When does passion for your art cross over to vanity and become fodder to feed the ego? That is one of the many questions that director Alejandro González Iñárritu (Amores Perros, Babel) asks in his latest film Birdman. The movie is a creative character exploration of a man who has lost touch with his family, career, and his passion for his art and life.

Michael Keaton deserves any acclaims that come his way for his layered portrayal of Riggan Thomson. Thomson is former superstar actor who experienced his heyday in the 90’s for playing Birdman, a costumed superhero. Thomson left the role years before and disappeared from the spotlight. In a last ditch effort to revive his career, he writes, directs, and stars in his first Broadway play. What ensues is behind-the-scenes chaos that would make the Muppets proud. Thomson struggles to hold the fraying production together while attempting to maintain his sanity.


While this is a dialogue heavy film, Iñárritu manages to find endless creative ways to accentuate the performances. The most notable visual trick that Iñárritu pulls off is that the movie seems as if it is one long shot. There are no noticeable cuts, which makes the viewer feel as if they are a character witnessing everything firsthand. The camera itself feels alive as it follows characters and the narrative, around the cramped theater space. The level of timing between the camera movements and actor’s performances had to be timed to the second and Iñárritu pulls it off flawlessly. The technique also makes a statement that the film actors we are watching, are pulling off just as challenging a feat as stage actors.

Edward Norton shines as Mike Shiner, an accomplished theater actor who is a jerk and will let you know it. He is called in to replace one of the actors who was mysteriously injured the day before the preview performance. Mike is abrasive and unrelenting and his method acting antics throw a monkey wrench into Thomson’s production. Much like Keaton, Norton delivers a masters class in acting. One of the fascinating aspects of the movie is that the actors are acting as performers, who are acting in a play. It really is amazing to see the different levels those two in particular, can take it to. They both give raw performances that leave their real life personalities open for criticism and speculation.

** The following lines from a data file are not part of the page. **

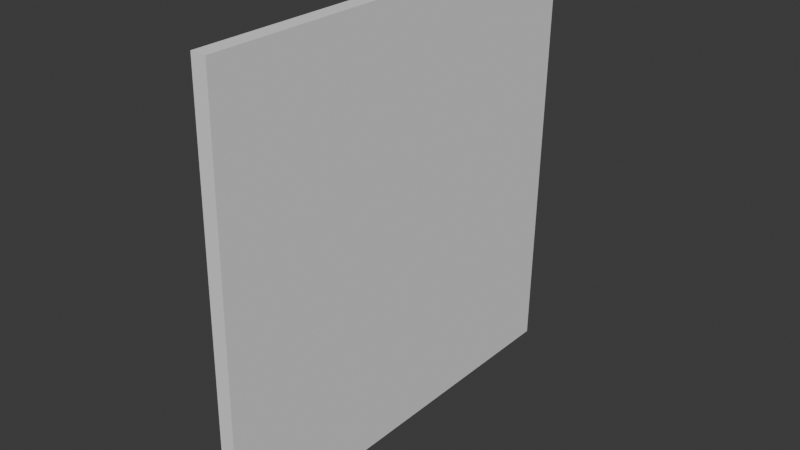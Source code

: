 # Source: Destroy.blend  (saved by Blender 4.2.66; exported with 4.5.12 LTS)
import bpy
from mathutils import Matrix  # noqa: F401  (used for matrix-valued properties, if any)

bpy.ops.wm.read_factory_settings(use_empty=True)
scene = bpy.context.scene
scene.name = 'Scene'

# ---- collections
col_collection = bpy.data.collections.new('Collection'); scene.collection.children.link(col_collection)

# ---- world
world_world = bpy.data.worlds.new('World'); scene.world = world_world
world_world.use_nodes = True; world_world.node_tree.nodes.clear()
_N = world_world.node_tree.nodes; _L = world_world.node_tree.links
n0 = _N.new('ShaderNodeOutputWorld'); n0.name = 'World Output'; n0.location = (300, 300)
n1 = _N.new('ShaderNodeBackground'); n1.name = 'Background'; n1.location = (10, 300)
n1.inputs[0].default_value = (0.05088, 0.05088, 0.05088, 1.0)
_L.new(n1.outputs[0], n0.inputs[0])
n0.is_active_output = True
world_world.color = (0.05088, 0.05088, 0.05088)
world_world.sun_shadow_jitter_overblur = 0.0

# ---- meshes
me_plane = bpy.data.meshes.new('Plane')
me_plane.from_pydata([], [], [])
_uv = me_plane.uv_layers.new(name='UVMap')
_uv.uv.foreach_set('vector', [])
me_plane.update()
me_plane_001 = bpy.data.meshes.new('Plane.001')
me_plane_001.from_pydata([(1.0, -1.0, 0.0), (0.6136, -1.0, 0.0), (1.0, -0.5111, 0.0)], [], [(2, 1, 0)])
_uv = me_plane_001.uv_layers.new(name='UVMap')
_uv.uv.foreach_set('vector', [1.0, 0.2445, 0.8068, 0.0, 1.0, 0.0])
me_plane_001.update()
me_plane_002 = bpy.data.meshes.new('Plane.002')
me_plane_002.from_pydata([(0.6136, -1.0, 0.0), (1.0, -0.5111, 0.0), (0.4099, -0.2493, 0.0)], [], [(2, 0, 1)])
_uv = me_plane_002.uv_layers.new(name='UVMap')
_uv.uv.foreach_set('vector', [0.705, 0.3754, 0.8068, 0.0, 1.0, 0.2445])
me_plane_002.update()
me_plane_003 = bpy.data.meshes.new('Plane.003')
me_plane_003.from_pydata([(1.0, -0.5111, 0.0), (0.4099, -0.2493, 0.0), (1.0, 0.1095, 0.0)], [], [(0, 2, 1)])
_uv = me_plane_003.uv_layers.new(name='UVMap')
_uv.uv.foreach_set('vector', [1.0, 0.2445, 1.0, 0.5548, 0.705, 0.3754])
me_plane_003.update()
me_plane_004 = bpy.data.meshes.new('Plane.004')
me_plane_004.from_pydata([(0.4099, -0.2493, 0.0), (1.0, 0.1095, 0.0), (1.0, 0.6591, 0.0), (0.3288, 0.4163, 0.0)], [], [(0, 1, 2, 3)])
_uv = me_plane_004.uv_layers.new(name='UVMap')
_uv.uv.foreach_set('vector', [0.705, 0.3754, 1.0, 0.5548, 1.0, 0.8295, 0.6644, 0.7082])
me_plane_004.update()
me_plane_005 = bpy.data.meshes.new('Plane.005')
me_plane_005.from_pydata([(1.0, 1.0, 0.0), (1.0, 0.6591, 0.0), (0.3288, 0.4163, 0.0), (0.5687, 1.0, 0.0)], [], [(2, 1, 0, 3)])
_uv = me_plane_005.uv_layers.new(name='UVMap')
_uv.uv.foreach_set('vector', [0.6644, 0.7082, 1.0, 0.8295, 1.0, 1.0, 0.7843, 1.0])
me_plane_005.update()
me_plane_006 = bpy.data.meshes.new('Plane.006')
me_plane_006.from_pydata([(0.3288, 0.4163, 0.0), (-0.2256, 1.0, 0.0), (0.5687, 1.0, 0.0)], [], [(2, 1, 0)])
_uv = me_plane_006.uv_layers.new(name='UVMap')
_uv.uv.foreach_set('vector', [0.7843, 1.0, 0.3872, 1.0, 0.6644, 0.7082])
me_plane_006.update()
me_plane_007 = bpy.data.meshes.new('Plane.007')
me_plane_007.from_pydata([(-0.6476, 1.0, 0.0), (0.3288, 0.4163, 0.0), (-0.2866, 0.4296, 0.0), (-0.2256, 1.0, 0.0)], [], [(3, 0, 2, 1)])
_uv = me_plane_007.uv_layers.new(name='UVMap')
_uv.uv.foreach_set('vector', [0.3872, 1.0, 0.1762, 1.0, 0.3567, 0.7148, 0.6644, 0.7082])
me_plane_007.update()
me_plane_008 = bpy.data.meshes.new('Plane.008')
me_plane_008.from_pydata([(-0.008579, -0.009741, 0.0), (0.4099, -0.2493, 0.0), (0.3288, 0.4163, 0.0), (-0.2866, 0.4296, 0.0)], [], [(3, 0, 1, 2)])
_uv = me_plane_008.uv_layers.new(name='UVMap')
_uv.uv.foreach_set('vector', [0.3567, 0.7148, 0.4957, 0.4951, 0.705, 0.3754, 0.6644, 0.7082])
me_plane_008.update()
me_plane_009 = bpy.data.meshes.new('Plane.009')
me_plane_009.from_pydata([(-0.1374, -0.7724, 0.0), (-0.008579, -0.009741, 0.0), (0.4099, -0.2493, 0.0)], [], [(2, 1, 0)])
_uv = me_plane_009.uv_layers.new(name='UVMap')
_uv.uv.foreach_set('vector', [0.705, 0.3754, 0.4957, 0.4951, 0.4313, 0.1138])
me_plane_009.update()
me_plane_010 = bpy.data.meshes.new('Plane.010')
me_plane_010.from_pydata([(0.6136, -1.0, 0.0), (-0.1374, -0.7724, 0.0), (0.4099, -0.2493, 0.0)], [], [(1, 0, 2)])
_uv = me_plane_010.uv_layers.new(name='UVMap')
_uv.uv.foreach_set('vector', [0.4313, 0.1138, 0.8068, 0.0, 0.705, 0.3754])
me_plane_010.update()
me_plane_011 = bpy.data.meshes.new('Plane.011')
me_plane_011.from_pydata([(0.6136, -1.0, 0.0), (-0.1374, -0.7724, 0.0), (-0.01021, -1.0, 0.0)], [], [(2, 0, 1)])
_uv = me_plane_011.uv_layers.new(name='UVMap')
_uv.uv.foreach_set('vector', [0.4949, 0.0, 0.8068, 0.0, 0.4313, 0.1138])
me_plane_011.update()
me_plane_012 = bpy.data.meshes.new('Plane.012')
me_plane_012.from_pydata([(-0.5033, -1.0, 0.0), (-0.1374, -0.7724, 0.0), (-0.01021, -1.0, 0.0)], [], [(1, 0, 2)])
_uv = me_plane_012.uv_layers.new(name='UVMap')
_uv.uv.foreach_set('vector', [0.4313, 0.1138, 0.2484, 0.0, 0.4949, 0.0])
me_plane_012.update()
me_plane_013 = bpy.data.meshes.new('Plane.013')
me_plane_013.from_pydata([(-1.0, -0.5109, 0.0), (-0.1374, -0.7724, 0.0), (-0.6446, -0.05729, 0.0)], [], [(0, 1, 2)])
_uv = me_plane_013.uv_layers.new(name='UVMap')
_uv.uv.foreach_set('vector', [0.0, 0.2446, 0.4313, 0.1138, 0.1777, 0.4714])
me_plane_013.update()
me_plane_014 = bpy.data.meshes.new('Plane.014')
me_plane_014.from_pydata([(-1.0, -0.5109, 0.0), (-0.1374, -0.7724, 0.0), (-1.0, -0.847, 0.0)], [], [(2, 1, 0)])
_uv = me_plane_014.uv_layers.new(name='UVMap')
_uv.uv.foreach_set('vector', [0.0, 0.07652, 0.4313, 0.1138, 0.0, 0.2446])
me_plane_014.update()
me_plane_015 = bpy.data.meshes.new('Plane.015')
me_plane_015.from_pydata([(-1.0, -1.0, 0.0), (-0.5033, -1.0, 0.0), (-0.1374, -0.7724, 0.0), (-1.0, -0.847, 0.0)], [], [(0, 1, 2, 3)])
_uv = me_plane_015.uv_layers.new(name='UVMap')
_uv.uv.foreach_set('vector', [0.0, 0.0, 0.2484, 0.0, 0.4313, 0.1138, 0.0, 0.07652])
me_plane_015.update()
me_plane_016 = bpy.data.meshes.new('Plane.016')
me_plane_016.from_pydata([(-0.1374, -0.7724, 0.0), (-0.6446, -0.05729, 0.0), (-0.008579, -0.009741, 0.0)], [], [(2, 1, 0)])
_uv = me_plane_016.uv_layers.new(name='UVMap')
_uv.uv.foreach_set('vector', [0.4957, 0.4951, 0.1777, 0.4714, 0.4313, 0.1138])
me_plane_016.update()
me_plane_017 = bpy.data.meshes.new('Plane.017')
me_plane_017.from_pydata([(-1.0, -0.5109, 0.0), (-1.0, -0.06885, 0.0), (-0.6446, -0.05729, 0.0)], [], [(2, 1, 0)])
_uv = me_plane_017.uv_layers.new(name='UVMap')
_uv.uv.foreach_set('vector', [0.1777, 0.4714, 0.0, 0.4656, 0.0, 0.2446])
me_plane_017.update()
me_plane_018 = bpy.data.meshes.new('Plane.018')
me_plane_018.from_pydata([(-0.6446, -0.05729, 0.0), (-0.6476, 1.0, 0.0), (-0.008579, -0.009741, 0.0), (-0.2866, 0.4296, 0.0)], [], [(1, 0, 2, 3)])
_uv = me_plane_018.uv_layers.new(name='UVMap')
_uv.uv.foreach_set('vector', [0.1762, 1.0, 0.1777, 0.4714, 0.4957, 0.4951, 0.3567, 0.7148])
me_plane_018.update()
me_plane_019 = bpy.data.meshes.new('Plane.019')
me_plane_019.from_pydata([(-0.6446, -0.05729, 0.0), (-1.0, 0.479, 0.0), (-0.6476, 1.0, 0.0), (-1.0, 0.5508, 0.0)], [], [(1, 0, 2, 3)])
_uv = me_plane_019.uv_layers.new(name='UVMap')
_uv.uv.foreach_set('vector', [0.0, 0.7395, 0.1777, 0.4714, 0.1762, 1.0, 0.0, 0.7754])
me_plane_019.update()
me_plane_020 = bpy.data.meshes.new('Plane.020')
me_plane_020.from_pydata([(-1.0, -0.06885, 0.0), (-0.6446, -0.05729, 0.0), (-1.0, 0.479, 0.0)], [], [(0, 1, 2)])
_uv = me_plane_020.uv_layers.new(name='UVMap')
_uv.uv.foreach_set('vector', [0.0, 0.4656, 0.1777, 0.4714, 0.0, 0.7395])
me_plane_020.update()
me_plane_021 = bpy.data.meshes.new('Plane.021')
me_plane_021.from_pydata([(-1.0, 1.0, 0.0), (-0.6476, 1.0, 0.0), (-1.0, 0.5508, 0.0)], [], [(2, 1, 0)])
_uv = me_plane_021.uv_layers.new(name='UVMap')
_uv.uv.foreach_set('vector', [0.0, 0.7754, 0.1762, 1.0, 0.0, 1.0])
me_plane_021.update()

# ---- objects
ob_plane = bpy.data.objects.new('Plane', me_plane)
ob_plane_001 = bpy.data.objects.new('Plane.001', me_plane_001)
ob_plane_002 = bpy.data.objects.new('Plane.002', me_plane_002)
ob_plane_003 = bpy.data.objects.new('Plane.003', me_plane_003)
ob_plane_004 = bpy.data.objects.new('Plane.004', me_plane_004)
ob_plane_005 = bpy.data.objects.new('Plane.005', me_plane_005)
ob_plane_006 = bpy.data.objects.new('Plane.006', me_plane_006)
ob_plane_007 = bpy.data.objects.new('Plane.007', me_plane_007)
ob_plane_008 = bpy.data.objects.new('Plane.008', me_plane_008)
ob_plane_009 = bpy.data.objects.new('Plane.009', me_plane_009)
ob_plane_010 = bpy.data.objects.new('Plane.010', me_plane_010)
ob_plane_011 = bpy.data.objects.new('Plane.011', me_plane_011)
ob_plane_012 = bpy.data.objects.new('Plane.012', me_plane_012)
ob_plane_013 = bpy.data.objects.new('Plane.013', me_plane_013)
ob_plane_014 = bpy.data.objects.new('Plane.014', me_plane_014)
ob_plane_015 = bpy.data.objects.new('Plane.015', me_plane_015)
ob_plane_016 = bpy.data.objects.new('Plane.016', me_plane_016)
ob_plane_017 = bpy.data.objects.new('Plane.017', me_plane_017)
ob_plane_018 = bpy.data.objects.new('Plane.018', me_plane_018)
ob_plane_019 = bpy.data.objects.new('Plane.019', me_plane_019)
ob_plane_020 = bpy.data.objects.new('Plane.020', me_plane_020)
ob_plane_021 = bpy.data.objects.new('Plane.021', me_plane_021)

# ---- transforms, parenting, visibility, modifiers, constraints
ob_plane.location = (0.0, 0.0, 1.022)
ob_plane.rotation_euler = (0.0, -1.554, 0.0)
ob_plane_001.location = (0.0, 0.0, 1.022)
ob_plane_001.rotation_euler = (0.0, -1.554, 0.0)
_m = ob_plane_001.modifiers.new('Solidify', 'SOLIDIFY')
_m.thickness = 0.07
ob_plane_002.location = (0.0, 0.0, 1.022)
ob_plane_002.rotation_euler = (0.0, -1.554, 0.0)
_m = ob_plane_002.modifiers.new('Solidify', 'SOLIDIFY')
_m.thickness = 0.07
ob_plane_003.location = (0.0, 0.0, 1.022)
ob_plane_003.rotation_euler = (0.0, -1.554, 0.0)
_m = ob_plane_003.modifiers.new('Solidify', 'SOLIDIFY')
_m.thickness = 0.07
ob_plane_004.location = (0.0, 0.0, 1.022)
ob_plane_004.rotation_euler = (0.0, -1.554, 0.0)
_m = ob_plane_004.modifiers.new('Solidify', 'SOLIDIFY')
_m.thickness = 0.07
ob_plane_005.location = (0.0, 0.0, 1.022)
ob_plane_005.rotation_euler = (0.0, -1.554, 0.0)
_m = ob_plane_005.modifiers.new('Solidify', 'SOLIDIFY')
_m.thickness = 0.07
ob_plane_006.location = (0.0, 0.0, 1.022)
ob_plane_006.rotation_euler = (0.0, -1.554, 0.0)
_m = ob_plane_006.modifiers.new('Solidify', 'SOLIDIFY')
_m.thickness = 0.07
ob_plane_007.location = (0.0, 0.0, 1.022)
ob_plane_007.rotation_euler = (0.0, -1.554, 0.0)
_m = ob_plane_007.modifiers.new('Solidify', 'SOLIDIFY')
_m.thickness = 0.07
ob_plane_008.location = (0.0, 0.0, 1.022)
ob_plane_008.rotation_euler = (0.0, -1.554, 0.0)
_m = ob_plane_008.modifiers.new('Solidify', 'SOLIDIFY')
_m.thickness = 0.07
ob_plane_009.location = (0.0, 0.0, 1.022)
ob_plane_009.rotation_euler = (0.0, -1.554, 0.0)
_m = ob_plane_009.modifiers.new('Solidify', 'SOLIDIFY')
_m.thickness = 0.07
ob_plane_010.location = (0.0, 0.0, 1.022)
ob_plane_010.rotation_euler = (0.0, -1.554, 0.0)
_m = ob_plane_010.modifiers.new('Solidify', 'SOLIDIFY')
_m.thickness = 0.07
ob_plane_011.location = (0.0, 0.0, 1.022)
ob_plane_011.rotation_euler = (0.0, -1.554, 0.0)
_m = ob_plane_011.modifiers.new('Solidify', 'SOLIDIFY')
_m.thickness = 0.07
ob_plane_012.location = (0.0, 0.0, 1.022)
ob_plane_012.rotation_euler = (0.0, -1.554, 0.0)
_m = ob_plane_012.modifiers.new('Solidify', 'SOLIDIFY')
_m.thickness = 0.07
ob_plane_013.location = (0.0, 0.0, 1.022)
ob_plane_013.rotation_euler = (0.0, -1.554, 0.0)
_m = ob_plane_013.modifiers.new('Solidify', 'SOLIDIFY')
_m.thickness = 0.07
ob_plane_014.location = (0.0, 0.0, 1.022)
ob_plane_014.rotation_euler = (0.0, -1.554, 0.0)
_m = ob_plane_014.modifiers.new('Solidify', 'SOLIDIFY')
_m.thickness = 0.07
ob_plane_015.location = (0.0, 0.0, 1.022)
ob_plane_015.rotation_euler = (0.0, -1.554, 0.0)
_m = ob_plane_015.modifiers.new('Solidify', 'SOLIDIFY')
_m.thickness = 0.07
ob_plane_016.location = (0.0, 0.0, 1.022)
ob_plane_016.rotation_euler = (0.0, -1.554, 0.0)
_m = ob_plane_016.modifiers.new('Solidify', 'SOLIDIFY')
_m.thickness = 0.07
ob_plane_017.location = (0.0, 0.0, 1.022)
ob_plane_017.rotation_euler = (0.0, -1.554, 0.0)
_m = ob_plane_017.modifiers.new('Solidify', 'SOLIDIFY')
_m.thickness = 0.07
ob_plane_018.location = (0.0, 0.0, 1.022)
ob_plane_018.rotation_euler = (0.0, -1.554, 0.0)
_m = ob_plane_018.modifiers.new('Solidify', 'SOLIDIFY')
_m.thickness = 0.07
ob_plane_019.location = (0.0, 0.0, 1.022)
ob_plane_019.rotation_euler = (0.0, -1.554, 0.0)
_m = ob_plane_019.modifiers.new('Solidify', 'SOLIDIFY')
_m.thickness = 0.07
ob_plane_020.location = (0.0, 0.0, 1.022)
ob_plane_020.rotation_euler = (0.0, -1.554, 0.0)
_m = ob_plane_020.modifiers.new('Solidify', 'SOLIDIFY')
_m.thickness = 0.07
ob_plane_021.location = (0.0, 0.0, 1.022)
ob_plane_021.rotation_euler = (0.0, -1.554, 0.0)
_m = ob_plane_021.modifiers.new('Solidify', 'SOLIDIFY')
_m.thickness = 0.07

# ---- collection membership
col_collection.objects.link(ob_plane)
col_collection.objects.link(ob_plane_001)
col_collection.objects.link(ob_plane_002)
col_collection.objects.link(ob_plane_003)
col_collection.objects.link(ob_plane_004)
col_collection.objects.link(ob_plane_005)
col_collection.objects.link(ob_plane_006)
col_collection.objects.link(ob_plane_007)
col_collection.objects.link(ob_plane_008)
col_collection.objects.link(ob_plane_009)
col_collection.objects.link(ob_plane_010)
col_collection.objects.link(ob_plane_011)
col_collection.objects.link(ob_plane_012)
col_collection.objects.link(ob_plane_013)
col_collection.objects.link(ob_plane_014)
col_collection.objects.link(ob_plane_015)
col_collection.objects.link(ob_plane_016)
col_collection.objects.link(ob_plane_017)
col_collection.objects.link(ob_plane_018)
col_collection.objects.link(ob_plane_019)
col_collection.objects.link(ob_plane_020)
col_collection.objects.link(ob_plane_021)

# ---- scene / render settings (as saved in the file)
scene.frame_start = 1; scene.frame_end = 250; scene.frame_set(1)
scene.render.engine = 'BLENDER_EEVEE_NEXT'
bpy.context.view_layer.update()

# ---- added for rendering (the .blend has no active camera and no usable light): camera, sun
cam_auto = bpy.data.cameras.new('AutoCamera')
cam_auto.lens = 50.0
cam_auto.sensor_width = 36.0
cam_auto.clip_end = 1000.0
ob_auto_camera = bpy.data.objects.new('AutoCamera', cam_auto)
scene.collection.objects.link(ob_auto_camera)
ob_auto_camera.location = (2.65431, -3.14317, 3.11729)
ob_auto_camera.rotation_euler = (1.09748, -7.21219e-08, 0.694738)
scene.camera = ob_auto_camera
light_auto_sun = bpy.data.lights.new('AutoSun', 'SUN')
light_auto_sun.energy = 3.0
light_auto_sun.angle = 0.0523599
ob_auto_sun = bpy.data.objects.new('AutoSun', light_auto_sun)
scene.collection.objects.link(ob_auto_sun)
ob_auto_sun.rotation_euler = (0.872665, 0.174533, 0.523599)
bpy.context.view_layer.update()

Keaton’s performance as Thomson is clearly informed by his own experiences. However, it never hits too on the nose and always feels part of the overall narrative. Keaton is asked to go to a lot of places that must have hit home. Ranging from the fact that he laid the foundation for a generation of actors who are now making millions in superhero films. To the fact that he has clearly aged and might not want to be seen by the public. Emma Stone, Zack Galifianakis, and Naomi Watts, all give strong supporting performances that complement the chaos surrounding the play. At times they are the cause of the problems, other times they are asked to react to the absurdity that they witness. They all benefit the film with sharp timing and humor at key moments.

The movie also explores the various ways that the media has the power to impact perceptions. Iñárritu touches on media reach both old and new. Ranging from a movie critic from a leading newspaper that has the power to crush the play with a bad review. To the impact that bloggers and Twitter has to spread information like never before. Seeing the different ways that Thomson can manage to get bad attention for himself is definitely part of the fun as well.


Birdman or (The Unexpected Virtue of Ignorance) is undoubtedly one of the best comedies and films of the year. The heavy handed showbiz satire works on many technical and emotional levels. The movie will not speak to all audiences, particularly with its artistic flourishes and open-to-interpretation ending. But the performances and humor are worth the price of admission themselves. This hopefully marks the beginning of a resurgence for Keaton who bares his soul and is beginning to receive attention for his work. For fans of film, theater, and show business in general, this is must-see viewing. Take a step behind the curtain and watch the Birdman take flight.